The SRES Emissions Scenario Database (ESD) was designed to fulfill several objectives:
The database serves primarily to document the GHG emissions, including CO2, CH4, N2O, CFCs (chlorofluorocarbons), HFCs (hydrofluorocarbons), and other radiatively
active gases such as SO2, CO, and NOx. In addition, it includes information
about the main driving forces of GHG emissions, such as population growth and
economic development, usually expressed in terms of gross domestic product (GDP),
energy consumption, and land use. Each of these scenario characteristics has
subcategories and different values in time and space. The temporal dimension
is often in steps of 10 years, but this is not standardized across the scenarios
in the database. The spatial dimension refers to the regional disaggregation
of the scenarios. Priority was given to covering all accessible quantitative
scenarios with global and regional coverage. The main scenario characteristics
are documented by the name and aggregation given in the original study.

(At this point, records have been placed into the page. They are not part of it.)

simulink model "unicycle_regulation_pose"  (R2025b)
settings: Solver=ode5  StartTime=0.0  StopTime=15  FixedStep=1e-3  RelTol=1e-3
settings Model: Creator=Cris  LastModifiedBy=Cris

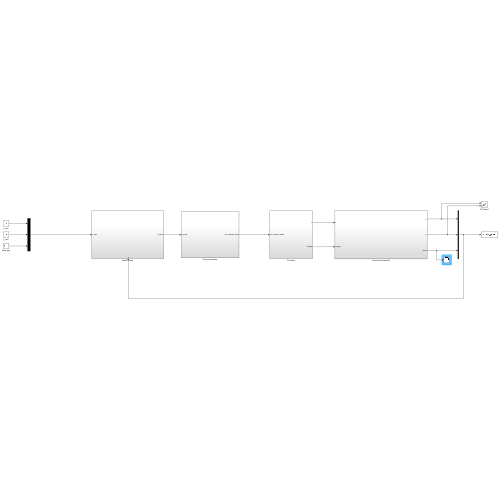
[thumbnail: Simulink's stored preview of the top-level diagram]
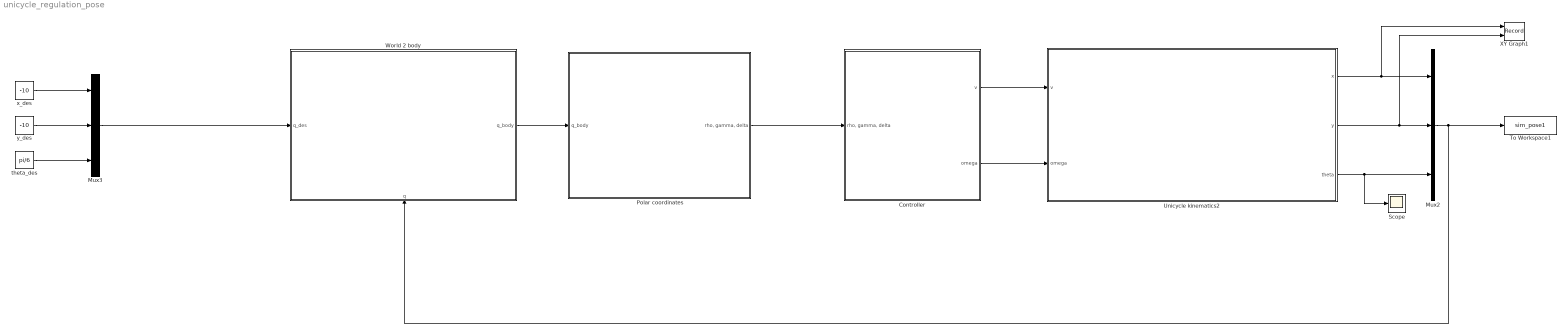
== system unicycle_regulation_pose ==
  Controller : Subsystem
  Mux2 : Mux  Inputs=3
  Mux3 : Mux  Inputs=3
  Polar coordinates : Subsystem
  Scope : Scope
      settings: ActiveDisplayYMinimum=-3.6435767001594175  ActiveDisplayYMaximum=1.2956769953230405
  To Workspace1 : ToWorkspace  VariableName=sim_pose1  SaveFormat=Timeseries  SampleTime=-1
  Unicycle kinematics2 : Subsystem
  World 2 body : Subsystem
      settings: PortSchema="{\"entries\":[{\"content\":{\"sides\":[{\"content\":{\"connectorIds\":[\"In1\"]},\"type\":\"ConnectorPlacement.EquallySpacedRectSide\",\"uuid\":\"d6332ee4-6e37-4568-865c-a04eee2f5a67\"},{\"content\":{\"connectorIds\":[\"Out1\"],\"side\":\"RIGHT\"},\"type\":\"ConnectorPlacement.EquallySpacedRectSide\",\"uuid\":\"8e88a442-f659-4873-b48a-1ad3acef8f2e\"},{\"content\":{\"side\":\"TOP\"},\"type\":\"ConnectorPlacement.EquallySpacedRectSide\",\"uuid\":\"5470688b-b468-4d37-81dc-c9eceb17c0d6\"},{\"content\":{\"connectorIds\":[\"In2\"],\"side\":\"BOTTOM\"},\"type\":\"ConnectorPlacement.EquallySpacedRectSide\",\"uuid\":\"59461b8c-7911-43ca-b37e-6874a62a6425\"}]},\"type\":\"ConnectorPlacement.EquallySpacedConnector\",\"uuid\":\"674f477f-0e86-4671-9466-4d2b04f4aa78\"}],\"packageUris\":[\"http://schema.mathworks.com/mf0/Connector/R2020b\"],\"version\":\"1.0\"}"
  XY Graph1 : Record  NumPorts=2.0  FileSettingsInternal="{\"entries\":[{\"content\":{\"excelSettings\":{\"content\":{},\"type\":\"Streamout.ExcelSettings\"},\"parquetSettings\":{\"content\":{},\"type\":\"Streamout.ParquetSettings\"}},\"type\":\"Streamout.FileSettingStorage\",\"uuid\":\"\"}],\"packageUris\":[\"http:\\/\\/schema.mathworks.com\\/mf0\\/streamout_blocks\\/R2020a\"],\"version\":\"1.0\"}"  FrameSettings=[0, 0]  Layout=[1 1]  SignalsInternal="{\"entries\":[{\"content\":{\"signals\":[{\"content\":{\"blockPath\":[],\"dimensions\":[1],\"domain\":\"\",\"lineColor\":\"#a2142f\",\"plots\":[ 1 ],\"port\":1,\"sid\":[\"\"],\"signalID\":1,\"signalName\":\"Unicycle kinematics2:1\"},\"type\":\"RecordBlkView.Signal\",\"uuid\":\"\"},{\"content\":{\"blockPath\":[],\"dimensions\":[1],\"domain\":\"\",\"lineColor\":\"#139fff\",\"plots\":[ 1 ],\"port\":2,\"sid\":[\"\"],\"signalID\":2,\"signalName\":\"Unicycle kinematics2:2\"},\"type\":\"RecordBlkView.Signal\",\"uuid\":\"\"}]},\"type\":\"RecordBlkView.InputSignals\",\"uuid\":\"\"}],\"packageUris\":[\"http:\\/\\/schema.mathworks.com\\/mf0\\/streamout_blocks\\/R2020a\"],\"version\":\"1.0\"}"  VisualizationBindings="{\"xyplotplugin\":{\"info\":[{\"series\":[{\"bindingParametersList\":[{\"parameter\":\"X-Axis\",\"signalID\":1,\"signalName\":\"Unicycle kinematics2:1\"},{\"parameter\":\"Y-Axis\",\"signalID\":2,\"signalName\":\"Unicycle kinematics2:2\"}],\"seriesID\":0}],\"subplotID\":1}]}}"  CompatibilityTag=XY
  theta_des : Constant  Value=pi/6
  x_des : Constant  Value=-10
  y_des : Constant  Value=-10
  wires:
  y_des/1 -> Mux3/2
  x_des/1 -> Mux3/1
  theta_des/1 -> Mux3/3
  Mux3/1 -> World 2 body/1(q_des)
  World 2 body/1(q_body) -> Polar coordinates/1(q_body)
  Polar coordinates/1("rho, gamma, delta") -> Controller/1("rho, gamma, delta")
  Controller/1(v) -> Unicycle kinematics2/1(v)
  Controller/2(omega) -> Unicycle kinematics2/2(omega)
  Unicycle kinematics2/1(x) -> XY Graph1/1, Mux2/1
  Unicycle kinematics2/2(y) -> Mux2/2, XY Graph1/2
  Unicycle kinematics2/3(theta) -> Mux2/3, Scope/1
  Mux2/1 -> To Workspace1/1, World 2 body/2(q)

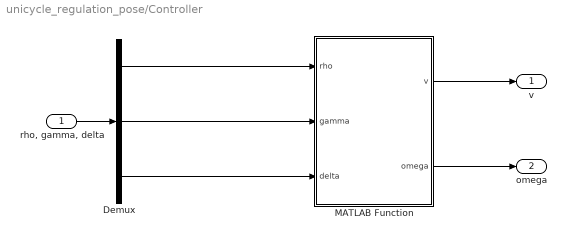
== system unicycle_regulation_pose/Controller ==
  "rho, gamma, delta" : Inport
  Demux : Demux  Outputs=3
  MATLAB Function : MATLAB Function  TreatAsAtomicUnit=on
  v : Outport
  omega : Outport  Port=2
  wires:
  "rho, gamma, delta"/1 -> Demux/1
  Demux/1 -> MATLAB Function/1(rho)
  Demux/2 -> MATLAB Function/2(gamma)
  Demux/3 -> MATLAB Function/3(delta)
  MATLAB Function/1(v) -> v/1
  MATLAB Function/2(omega) -> omega/1

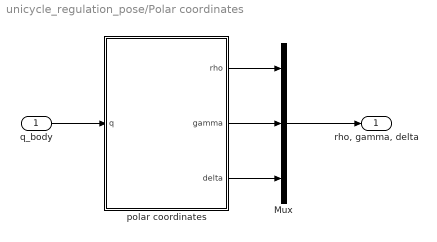
== system unicycle_regulation_pose/Polar coordinates ==
  q_body : Inport
  Mux : Mux  Inputs=3
  polar coordinates : MATLAB Function  TreatAsAtomicUnit=on
  "rho, gamma, delta" : Outport
  wires:
  q_body/1 -> polar coordinates/1(q)
  polar coordinates/1(rho) -> Mux/1
  polar coordinates/2(gamma) -> Mux/2
  polar coordinates/3(delta) -> Mux/3
  Mux/1 -> "rho, gamma, delta"/1

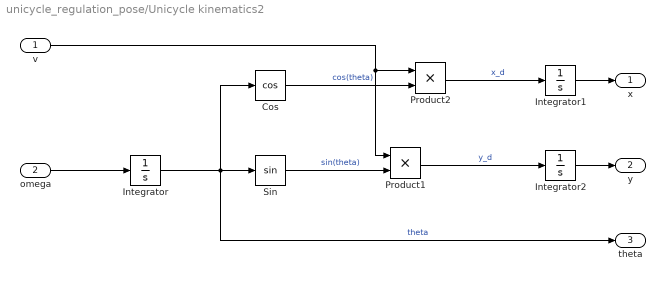
== system unicycle_regulation_pose/Unicycle kinematics2 ==
  v : Inport
  omega : Inport  Port=2
  Cos : Trigonometry  Operator=cos
  Integrator : Integrator
  Integrator1 : Integrator
  Integrator2 : Integrator
  Product1 : Product
  Product2 : Product
  Sin : Trigonometry
  x : Outport
  y : Outport  Port=2
  theta : Outport  Port=3
  wires:
  omega/1 -> Integrator/1
  Integrator/1 -> theta/1, Cos/1, Sin/1  "theta"
  Cos/1 -> Product2/2  "cos(theta)"
  Sin/1 -> Product1/2  "sin(theta)"
  v/1 -> Product2/1, Product1/1
  Integrator1/1 -> x/1
  Product2/1 -> Integrator1/1  "x_d"
  Integrator2/1 -> y/1
  Product1/1 -> Integrator2/1  "y_d"

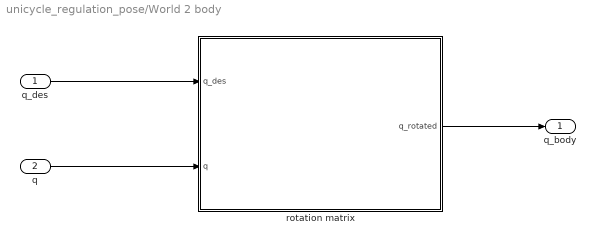
== system unicycle_regulation_pose/World 2 body ==
  q_des : Inport
  q : Inport  Port=2
  rotation matrix : MATLAB Function  TreatAsAtomicUnit=on
  q_body : Outport
  wires:
  q/1 -> rotation matrix/2(q)
  q_des/1 -> rotation matrix/1(q_des)
  rotation matrix/1(q_rotated) -> q_body/1

== matlab function unicycle_regulation_pose/World 2 body/rotation matrix ==
  data: q_des input; q input; q_rotated output
function q_rotated  = fcn(q_des, q)

theta_des = q_des(3);

% rotation matrix
R = [cos(theta_des), sin(theta_des), 0;
    -sin(theta_des), cos(theta_des), 0; 
    0,              0,              1];

% rotate
delta_q = q - q_des;
q_rotated = R*delta_q;

== matlab function unicycle_regulation_pose/Polar coordinates/polar coordinates ==
  data: q input; rho output; gamma output; delta output
function [rho, gamma, delta] = fcn(q)

%auxiliary
dx = q(1);
dy = q(2);
dtheta = q(3);

% trasformation in polar coordinates
rho = sqrt(dx^2+dy^2);
gamma = atan2(-dy, -dx) - dtheta;
delta = atan2(-dy, -dx);

% !!!!!!!!!!!!!!!!!!!!!!!!Normalize angles to [-pi, pi]
gamma = atan2(sin(gamma), cos(gamma));
delta = atan2(sin(delta), cos(delta));

== matlab function unicycle_regulation_pose/Controller/MATLAB Function ==
  data: v output; rho input; gamma input; omega output; delta input
function [v , omega] = fcn(rho, gamma, delta)

% adjust gains
k1 = 2;
k2 = 3;
k3 = 5;


% controller

v = k1*rho*cos(gamma);

if (abs(sin(gamma)/gamma) > 0.001)
    temp = sin(gamma)/gamma;
else
    temp = 1;
end

omega = k2*gamma + (k1*temp*cos(gamma))*(gamma+k3*delta);

In some
cases, regional and national scenarios are also included to improve the coverage
of some parts of the world. (Table 2-1 lists the
number of scenarios in the database that include a given region, from the global
level through to some individual countries.) There is great diversity with respect
to regional aggregation of scenarios in the database. Inclusion of long-term
emissions scenarios for individual countries, when available, would improve
the regional coverage of the database. Sectoral studies in developing countries,
such as power system emissions (e.g., Chattopadhyay and Parikh, 1993) or transport
system emissions (e.g., Ramanathan and Parikh, 1999), were also considered in
this assessment to develop SRES emissions scenarios.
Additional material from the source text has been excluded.